Exercise requirements –
All that should be output is the block of lines below from the line with "Bucle_Calefaccion: Common pipe" to the line with "[Sizing:Zone]", both included, exactly as written.

Data records –
===
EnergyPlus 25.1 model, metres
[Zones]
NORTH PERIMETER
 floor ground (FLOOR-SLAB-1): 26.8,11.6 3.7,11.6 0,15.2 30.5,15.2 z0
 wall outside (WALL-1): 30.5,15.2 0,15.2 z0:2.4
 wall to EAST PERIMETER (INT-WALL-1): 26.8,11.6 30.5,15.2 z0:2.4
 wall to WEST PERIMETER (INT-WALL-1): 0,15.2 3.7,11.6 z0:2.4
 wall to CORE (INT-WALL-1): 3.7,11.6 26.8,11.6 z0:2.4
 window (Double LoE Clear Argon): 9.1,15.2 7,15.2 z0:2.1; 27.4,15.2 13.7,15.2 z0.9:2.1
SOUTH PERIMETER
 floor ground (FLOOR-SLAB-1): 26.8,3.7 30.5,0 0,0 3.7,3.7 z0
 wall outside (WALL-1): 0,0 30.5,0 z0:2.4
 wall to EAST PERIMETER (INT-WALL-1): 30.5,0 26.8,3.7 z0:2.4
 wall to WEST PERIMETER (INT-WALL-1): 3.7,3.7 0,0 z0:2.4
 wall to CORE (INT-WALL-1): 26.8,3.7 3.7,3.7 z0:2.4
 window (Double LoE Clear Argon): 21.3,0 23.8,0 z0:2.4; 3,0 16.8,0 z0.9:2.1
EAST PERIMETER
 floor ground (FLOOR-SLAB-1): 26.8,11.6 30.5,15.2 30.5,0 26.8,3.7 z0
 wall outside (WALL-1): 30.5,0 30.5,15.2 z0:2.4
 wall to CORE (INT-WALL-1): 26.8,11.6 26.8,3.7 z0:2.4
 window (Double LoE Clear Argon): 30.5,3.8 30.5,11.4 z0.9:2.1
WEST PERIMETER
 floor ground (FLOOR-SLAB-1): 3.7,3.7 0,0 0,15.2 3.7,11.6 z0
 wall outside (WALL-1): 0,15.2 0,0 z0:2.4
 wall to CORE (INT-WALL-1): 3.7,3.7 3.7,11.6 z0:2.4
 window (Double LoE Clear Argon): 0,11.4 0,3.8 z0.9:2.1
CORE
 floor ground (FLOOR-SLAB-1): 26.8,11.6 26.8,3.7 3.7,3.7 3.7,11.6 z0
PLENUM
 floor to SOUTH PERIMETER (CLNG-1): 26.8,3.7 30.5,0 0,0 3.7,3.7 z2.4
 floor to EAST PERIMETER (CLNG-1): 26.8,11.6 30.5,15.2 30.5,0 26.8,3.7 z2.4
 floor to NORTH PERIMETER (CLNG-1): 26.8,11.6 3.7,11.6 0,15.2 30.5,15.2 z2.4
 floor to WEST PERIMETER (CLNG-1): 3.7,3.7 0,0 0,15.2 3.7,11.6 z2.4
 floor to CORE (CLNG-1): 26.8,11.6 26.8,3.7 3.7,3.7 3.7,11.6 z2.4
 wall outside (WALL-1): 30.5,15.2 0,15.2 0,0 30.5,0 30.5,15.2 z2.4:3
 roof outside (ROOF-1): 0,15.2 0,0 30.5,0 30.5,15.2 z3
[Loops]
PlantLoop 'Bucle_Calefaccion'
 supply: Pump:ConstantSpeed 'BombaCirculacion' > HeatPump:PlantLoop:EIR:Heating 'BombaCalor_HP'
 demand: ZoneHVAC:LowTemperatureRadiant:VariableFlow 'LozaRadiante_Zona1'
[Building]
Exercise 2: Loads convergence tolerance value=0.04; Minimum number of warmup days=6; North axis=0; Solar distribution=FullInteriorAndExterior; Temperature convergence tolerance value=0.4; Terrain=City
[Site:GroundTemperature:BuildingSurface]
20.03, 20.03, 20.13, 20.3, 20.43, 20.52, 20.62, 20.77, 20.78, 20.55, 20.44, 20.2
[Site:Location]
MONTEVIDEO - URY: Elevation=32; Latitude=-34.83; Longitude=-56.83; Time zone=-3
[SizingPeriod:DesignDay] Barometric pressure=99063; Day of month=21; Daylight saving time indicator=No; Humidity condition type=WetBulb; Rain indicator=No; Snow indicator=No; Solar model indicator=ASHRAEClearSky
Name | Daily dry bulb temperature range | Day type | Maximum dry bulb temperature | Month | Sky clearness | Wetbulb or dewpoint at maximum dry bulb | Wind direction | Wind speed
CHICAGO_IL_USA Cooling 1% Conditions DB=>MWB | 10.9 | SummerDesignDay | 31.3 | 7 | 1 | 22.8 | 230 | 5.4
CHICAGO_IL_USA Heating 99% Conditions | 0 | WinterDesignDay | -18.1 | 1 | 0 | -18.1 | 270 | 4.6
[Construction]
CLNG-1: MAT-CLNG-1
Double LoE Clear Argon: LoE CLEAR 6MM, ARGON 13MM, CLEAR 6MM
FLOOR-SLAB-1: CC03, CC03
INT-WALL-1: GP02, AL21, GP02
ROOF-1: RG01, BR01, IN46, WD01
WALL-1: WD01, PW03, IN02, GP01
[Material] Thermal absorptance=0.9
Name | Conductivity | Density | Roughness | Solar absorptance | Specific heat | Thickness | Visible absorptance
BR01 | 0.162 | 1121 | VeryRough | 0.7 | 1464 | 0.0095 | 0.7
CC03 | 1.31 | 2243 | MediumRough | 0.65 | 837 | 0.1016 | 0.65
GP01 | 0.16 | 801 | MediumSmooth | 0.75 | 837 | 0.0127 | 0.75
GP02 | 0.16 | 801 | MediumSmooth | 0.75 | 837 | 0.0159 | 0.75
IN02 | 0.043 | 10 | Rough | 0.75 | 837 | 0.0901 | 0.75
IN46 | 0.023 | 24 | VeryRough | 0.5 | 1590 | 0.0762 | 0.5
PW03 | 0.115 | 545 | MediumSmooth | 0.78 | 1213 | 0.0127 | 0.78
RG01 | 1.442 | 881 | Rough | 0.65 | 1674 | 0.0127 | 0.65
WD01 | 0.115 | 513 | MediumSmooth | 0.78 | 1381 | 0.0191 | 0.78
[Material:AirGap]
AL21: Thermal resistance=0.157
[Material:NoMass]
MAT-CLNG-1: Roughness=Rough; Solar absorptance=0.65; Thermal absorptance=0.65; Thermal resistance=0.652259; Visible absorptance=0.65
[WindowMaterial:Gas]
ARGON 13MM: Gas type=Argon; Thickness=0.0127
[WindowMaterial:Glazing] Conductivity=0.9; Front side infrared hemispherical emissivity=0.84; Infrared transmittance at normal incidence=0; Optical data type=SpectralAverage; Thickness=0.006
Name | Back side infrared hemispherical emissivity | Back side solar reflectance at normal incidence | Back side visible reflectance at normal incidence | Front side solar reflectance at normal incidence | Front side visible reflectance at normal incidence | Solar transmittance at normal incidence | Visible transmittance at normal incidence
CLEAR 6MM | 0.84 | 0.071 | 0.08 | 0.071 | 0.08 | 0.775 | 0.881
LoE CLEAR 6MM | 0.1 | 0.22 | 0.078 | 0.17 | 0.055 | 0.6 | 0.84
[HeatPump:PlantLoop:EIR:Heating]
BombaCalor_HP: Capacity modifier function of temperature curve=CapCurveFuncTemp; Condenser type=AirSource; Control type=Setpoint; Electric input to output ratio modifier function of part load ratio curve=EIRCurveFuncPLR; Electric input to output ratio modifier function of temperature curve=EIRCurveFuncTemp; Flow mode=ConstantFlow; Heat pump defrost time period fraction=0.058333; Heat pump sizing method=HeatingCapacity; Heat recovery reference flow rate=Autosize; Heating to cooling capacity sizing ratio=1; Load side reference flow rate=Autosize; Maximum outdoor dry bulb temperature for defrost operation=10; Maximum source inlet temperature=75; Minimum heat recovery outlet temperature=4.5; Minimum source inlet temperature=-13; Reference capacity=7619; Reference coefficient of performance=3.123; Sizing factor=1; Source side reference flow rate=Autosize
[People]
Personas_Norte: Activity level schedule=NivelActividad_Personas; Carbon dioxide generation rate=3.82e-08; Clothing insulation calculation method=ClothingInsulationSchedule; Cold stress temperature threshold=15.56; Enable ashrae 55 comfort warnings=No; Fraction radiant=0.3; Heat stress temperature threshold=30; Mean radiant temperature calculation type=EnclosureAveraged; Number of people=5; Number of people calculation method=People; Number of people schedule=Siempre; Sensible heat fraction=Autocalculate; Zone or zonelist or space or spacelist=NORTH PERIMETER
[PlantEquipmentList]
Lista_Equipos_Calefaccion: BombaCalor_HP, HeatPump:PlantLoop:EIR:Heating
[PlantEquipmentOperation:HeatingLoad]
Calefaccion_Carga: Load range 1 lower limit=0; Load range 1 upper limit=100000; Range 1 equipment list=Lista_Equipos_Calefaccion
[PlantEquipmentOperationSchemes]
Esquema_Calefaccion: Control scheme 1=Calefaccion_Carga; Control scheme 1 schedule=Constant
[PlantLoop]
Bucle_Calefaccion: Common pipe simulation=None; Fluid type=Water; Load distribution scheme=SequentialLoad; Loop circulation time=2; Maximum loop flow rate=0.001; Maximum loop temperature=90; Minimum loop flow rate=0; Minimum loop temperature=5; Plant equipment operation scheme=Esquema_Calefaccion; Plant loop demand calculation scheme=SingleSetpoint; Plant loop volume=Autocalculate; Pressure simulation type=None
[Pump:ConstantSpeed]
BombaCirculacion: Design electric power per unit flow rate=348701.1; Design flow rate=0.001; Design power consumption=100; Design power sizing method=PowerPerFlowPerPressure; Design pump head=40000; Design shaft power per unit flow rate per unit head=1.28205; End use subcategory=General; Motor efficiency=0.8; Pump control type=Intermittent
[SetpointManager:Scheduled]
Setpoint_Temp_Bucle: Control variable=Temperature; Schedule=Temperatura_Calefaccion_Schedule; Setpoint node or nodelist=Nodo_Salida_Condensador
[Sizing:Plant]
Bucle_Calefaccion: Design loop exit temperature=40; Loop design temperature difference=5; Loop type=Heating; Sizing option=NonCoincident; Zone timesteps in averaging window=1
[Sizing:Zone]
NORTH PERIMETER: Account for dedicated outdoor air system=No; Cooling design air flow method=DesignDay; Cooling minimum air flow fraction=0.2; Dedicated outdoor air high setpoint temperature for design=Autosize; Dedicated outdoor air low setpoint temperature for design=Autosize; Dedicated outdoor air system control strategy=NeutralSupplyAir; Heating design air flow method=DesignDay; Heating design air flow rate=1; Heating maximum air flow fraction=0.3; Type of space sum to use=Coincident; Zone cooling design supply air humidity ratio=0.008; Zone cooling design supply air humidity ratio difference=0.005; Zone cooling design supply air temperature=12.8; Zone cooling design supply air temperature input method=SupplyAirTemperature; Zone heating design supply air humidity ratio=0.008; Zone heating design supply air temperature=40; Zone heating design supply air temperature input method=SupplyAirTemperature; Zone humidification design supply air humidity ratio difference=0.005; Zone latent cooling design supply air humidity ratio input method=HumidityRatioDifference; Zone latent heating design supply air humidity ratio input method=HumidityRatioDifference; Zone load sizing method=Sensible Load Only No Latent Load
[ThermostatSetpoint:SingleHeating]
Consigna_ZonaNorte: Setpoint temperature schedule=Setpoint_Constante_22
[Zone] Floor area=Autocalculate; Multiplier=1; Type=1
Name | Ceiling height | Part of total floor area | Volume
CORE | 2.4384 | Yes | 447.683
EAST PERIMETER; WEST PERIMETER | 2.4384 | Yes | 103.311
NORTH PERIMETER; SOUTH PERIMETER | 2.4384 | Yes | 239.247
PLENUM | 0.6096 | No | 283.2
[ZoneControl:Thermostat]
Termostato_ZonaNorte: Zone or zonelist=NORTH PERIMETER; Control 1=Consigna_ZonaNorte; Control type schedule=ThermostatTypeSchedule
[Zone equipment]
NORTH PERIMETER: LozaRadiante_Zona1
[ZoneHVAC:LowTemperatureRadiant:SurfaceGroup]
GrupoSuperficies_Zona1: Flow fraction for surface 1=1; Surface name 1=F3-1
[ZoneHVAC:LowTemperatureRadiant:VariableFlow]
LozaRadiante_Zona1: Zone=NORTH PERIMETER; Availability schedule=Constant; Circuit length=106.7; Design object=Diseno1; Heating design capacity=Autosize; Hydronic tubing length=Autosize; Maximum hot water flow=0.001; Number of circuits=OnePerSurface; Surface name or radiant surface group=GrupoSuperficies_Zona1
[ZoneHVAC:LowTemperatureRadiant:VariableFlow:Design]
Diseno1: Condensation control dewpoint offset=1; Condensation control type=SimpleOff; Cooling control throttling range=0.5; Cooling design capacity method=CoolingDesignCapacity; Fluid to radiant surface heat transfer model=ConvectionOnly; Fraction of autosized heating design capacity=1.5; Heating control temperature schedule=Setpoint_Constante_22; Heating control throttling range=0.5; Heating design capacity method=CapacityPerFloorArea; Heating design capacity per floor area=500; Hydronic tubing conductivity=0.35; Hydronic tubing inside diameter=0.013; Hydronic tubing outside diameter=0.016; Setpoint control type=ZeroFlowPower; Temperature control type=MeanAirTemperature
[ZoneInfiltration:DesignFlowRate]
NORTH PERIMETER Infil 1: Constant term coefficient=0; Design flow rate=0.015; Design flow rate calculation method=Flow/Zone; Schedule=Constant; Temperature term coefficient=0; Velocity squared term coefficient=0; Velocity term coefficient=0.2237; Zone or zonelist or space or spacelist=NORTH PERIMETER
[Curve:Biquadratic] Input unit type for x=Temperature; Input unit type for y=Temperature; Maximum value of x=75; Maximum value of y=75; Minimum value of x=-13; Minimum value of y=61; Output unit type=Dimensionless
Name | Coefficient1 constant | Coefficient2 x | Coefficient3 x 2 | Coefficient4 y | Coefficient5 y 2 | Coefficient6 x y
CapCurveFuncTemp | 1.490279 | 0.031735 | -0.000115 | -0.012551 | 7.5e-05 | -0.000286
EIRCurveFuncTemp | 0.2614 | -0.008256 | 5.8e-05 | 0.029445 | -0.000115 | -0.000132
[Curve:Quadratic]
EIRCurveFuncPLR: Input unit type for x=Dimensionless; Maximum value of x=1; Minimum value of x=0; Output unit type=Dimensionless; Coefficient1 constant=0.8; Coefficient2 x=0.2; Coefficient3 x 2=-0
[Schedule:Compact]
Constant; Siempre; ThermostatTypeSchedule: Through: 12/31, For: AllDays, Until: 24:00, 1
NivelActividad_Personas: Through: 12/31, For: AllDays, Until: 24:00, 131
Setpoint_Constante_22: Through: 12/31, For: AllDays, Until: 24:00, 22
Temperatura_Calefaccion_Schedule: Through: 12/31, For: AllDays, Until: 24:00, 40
===
Written reply –
Bucle_Calefaccion: Common pipe simulation=None; Fluid type=Water; Load distribution scheme=SequentialLoad; Loop circulation time=2; Maximum loop flow rate=0.001; Maximum loop temperature=90; Minimum loop flow rate=0; Minimum loop temperature=5; Plant equipment operation scheme=Esquema_Calefaccion; Plant loop demand calculation scheme=SingleSetpoint; Plant loop volume=Autocalculate; Pressure simulation type=None
[Pump:ConstantSpeed]
BombaCirculacion: Design electric power per unit flow rate=348701.1; Design flow rate=0.001; Design power consumption=100; Design power sizing method=PowerPerFlowPerPressure; Design pump head=40000; Design shaft power per unit flow rate per unit head=1.28205; End use subcategory=General; Motor efficiency=0.8; Pump control type=Intermittent
[SetpointManager:Scheduled]
Setpoint_Temp_Bucle: Control variable=Temperature; Schedule=Temperatura_Calefaccion_Schedule; Setpoint node or nodelist=Nodo_Salida_Condensador
[Sizing:Plant]
Bucle_Calefaccion: Design loop exit temperature=40; Loop design temperature difference=5; Loop type=Heating; Sizing option=NonCoincident; Zone timesteps in averaging window=1
[Sizing:Zone]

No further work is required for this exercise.